** INPUT RECORDS follows **
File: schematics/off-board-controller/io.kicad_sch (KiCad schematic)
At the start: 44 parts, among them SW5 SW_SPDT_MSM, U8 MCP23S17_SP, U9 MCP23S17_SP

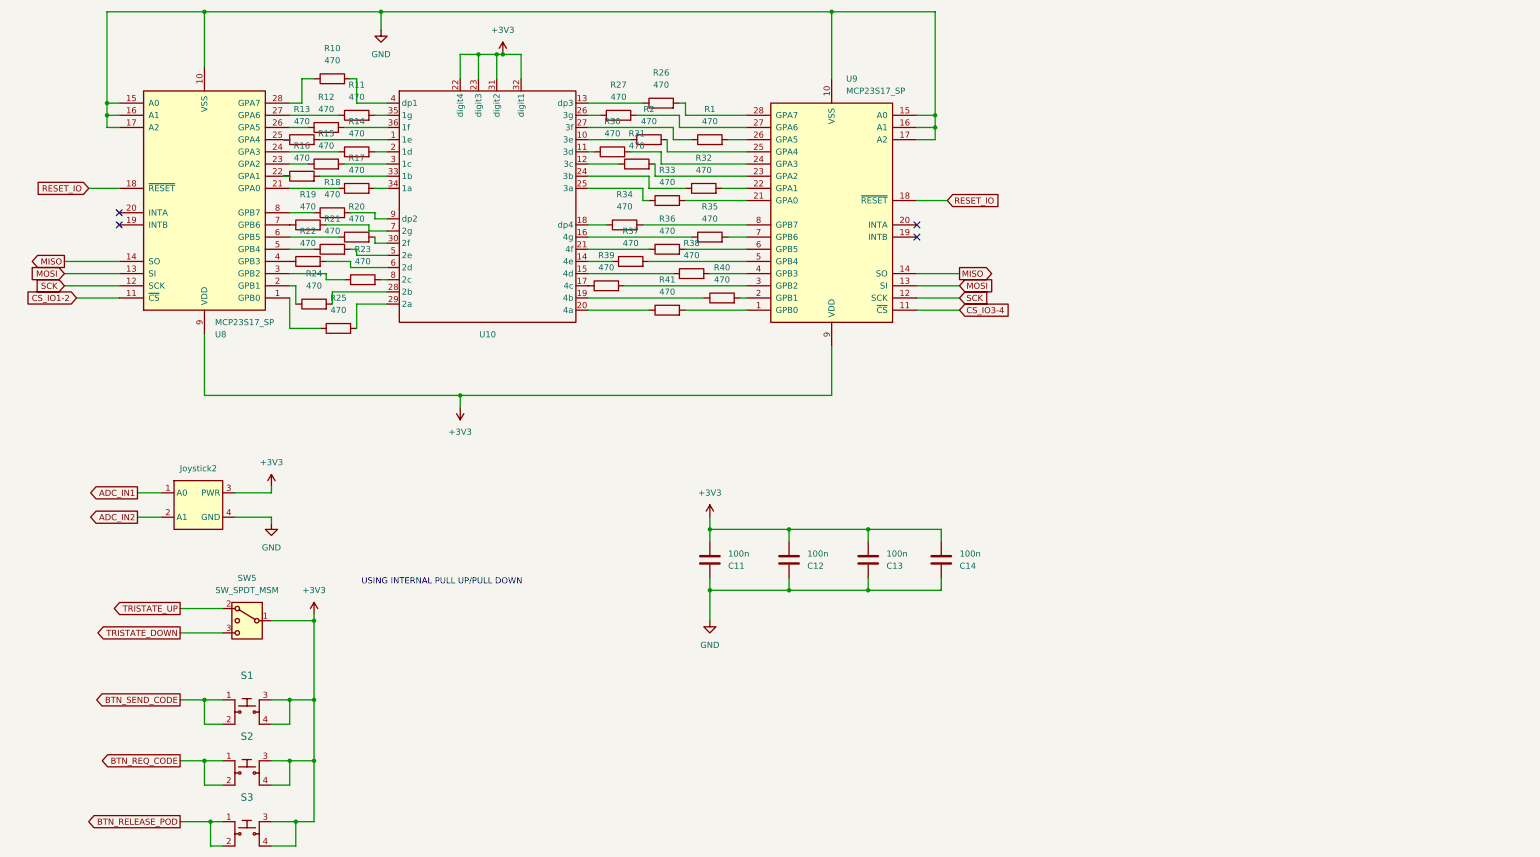
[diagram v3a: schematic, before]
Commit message: added some leds to controller
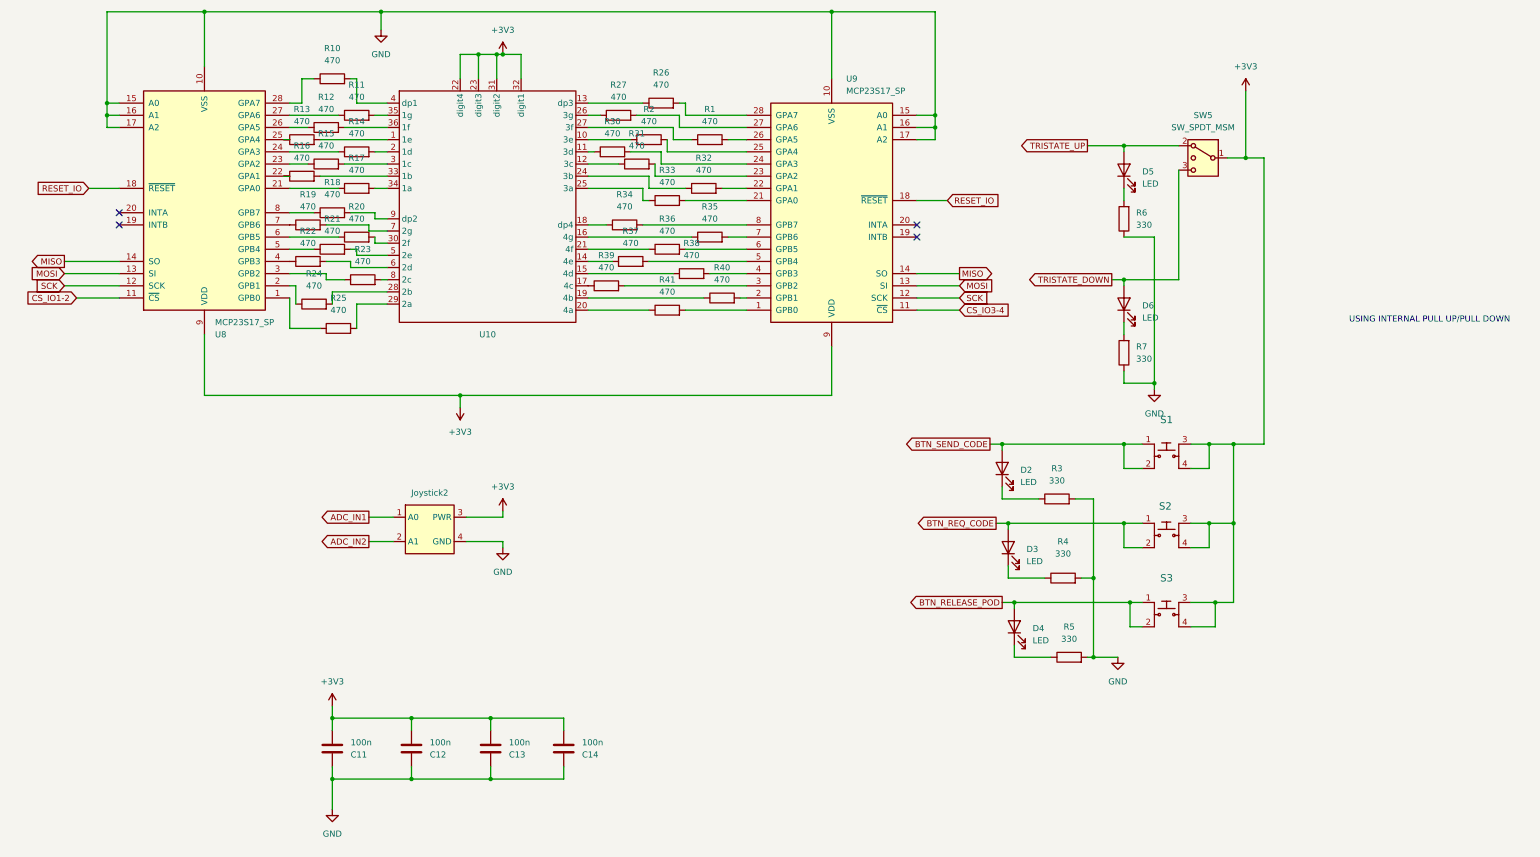
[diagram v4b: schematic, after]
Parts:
- added D2, D3, D4, D5, D6: LED, LED_SMD:LED_0805_2012Metric_Pad1.15x1.40mm_HandSolder, symbol Device:LED
- added R3, R4, R5, R6, R7: 330, Resistor_SMD:R_0805_2012Metric_Pad1.20x1.40mm_HandSolder, symbol Device:R
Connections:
- net BTN_RELEASE_POD: now also D4.2 (A)
- net BTN_REQ_CODE: now also D3.2 (A)
- net BTN_SEND_CODE: now also D2.2 (A)
- net GND: now also R3.2, R4.2, R5.2, R6.1, R7.1
- net TRISTATE_DOWN: now also D6.2 (A)
- net TRISTATE_UP: now also D5.2 (A)
- new net: D2.1 (K), R3.1
- new net: D3.1 (K), R4.1
- new net: D4.1 (K), R5.1
- new net: D5.1 (K), R6.2
- new net: D6.1 (K), R7.2
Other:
- moved on the sheet: C11, C12, C13, C14, Joystick2, S1, S2, S3, SW5

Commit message: produced first draft of layout design
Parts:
- removed C11, C13: 100n, Capacitor_SMD:C_0805_2012Metric_Pad1.18x1.45mm_HandSolder, symbol Device:C
- removed Joystick2: ~, Connector:NS-Tech_Grove_1x04_P2mm_Vertical, symbol New_Library:2DirJoystick
- added U1: ~, Connector:NS-Tech_Grove_1x04_P2mm_Vertical, symbol controller:joystick
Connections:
- net +3V3: now also U1.3 (PWR)
- net ADC_IN1: now also U1.1 (A0)
- net ADC_IN2: now also U1.2 (A1)
- net GND: now also U1.4 (GND)
** End of INPUT RECORDS **
**PROBLEM STATEMENT:**
Search the entries for the word "diagram", then gather every line that has it.

**ANSWER TO THIS EXERCISE:**
[diagram v3a: schematic, before]
[diagram v4b: schematic, after]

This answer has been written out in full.